Exercise goal: Extract every entry word for word. Skip the pictures.

Collected data entries:
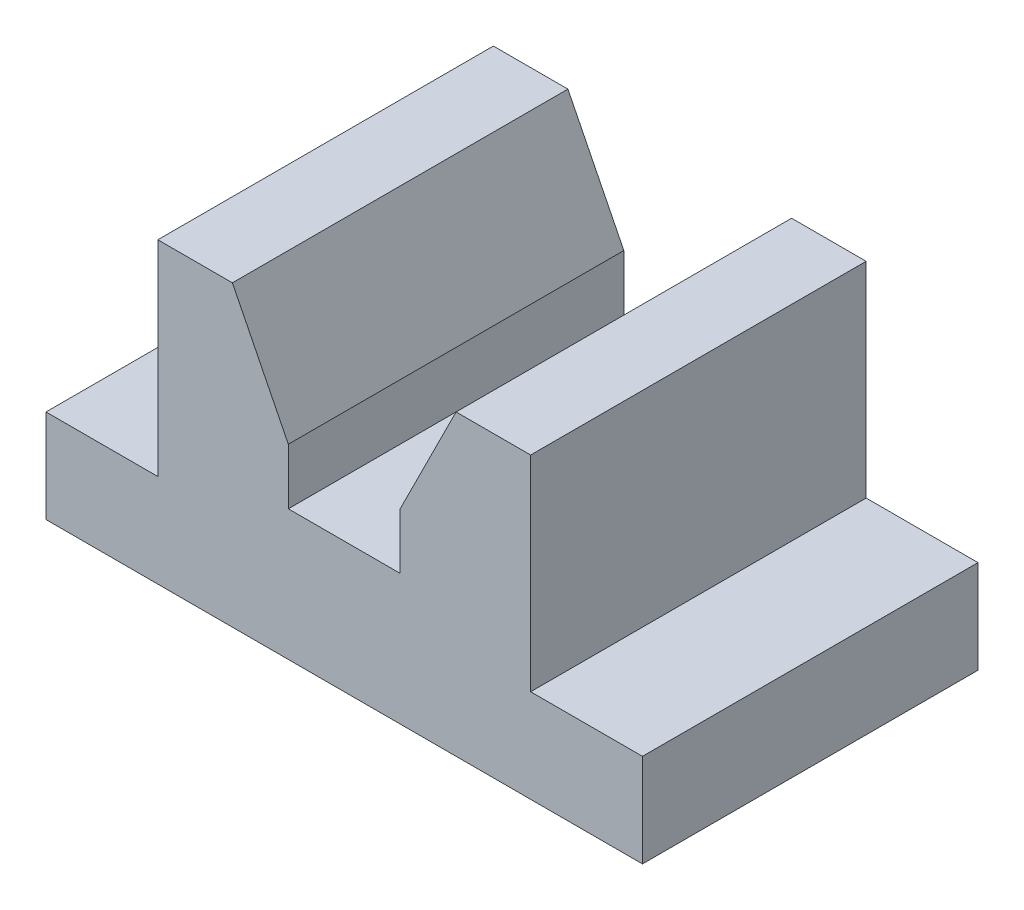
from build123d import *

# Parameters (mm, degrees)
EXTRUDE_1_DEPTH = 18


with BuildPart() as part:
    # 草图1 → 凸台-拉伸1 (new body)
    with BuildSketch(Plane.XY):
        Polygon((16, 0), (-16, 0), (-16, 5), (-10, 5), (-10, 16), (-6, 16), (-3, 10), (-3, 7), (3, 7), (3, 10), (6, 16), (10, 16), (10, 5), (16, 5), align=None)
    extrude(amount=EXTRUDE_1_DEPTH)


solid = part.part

Exercise answer:
from build123d import *

# Parameters (mm, degrees)
EXTRUDE_1_DEPTH = 18


with BuildPart() as part:
    # 草图1 → 凸台-拉伸1 (new body)
    with BuildSketch(Plane.XY):
        Polygon((16, 0), (-16, 0), (-16, 5), (-10, 5), (-10, 16), (-6, 16), (-3, 10), (-3, 7), (3, 7), (3, 10), (6, 16), (10, 16), (10, 5), (16, 5), align=None)
    extrude(amount=EXTRUDE_1_DEPTH)


solid = part.part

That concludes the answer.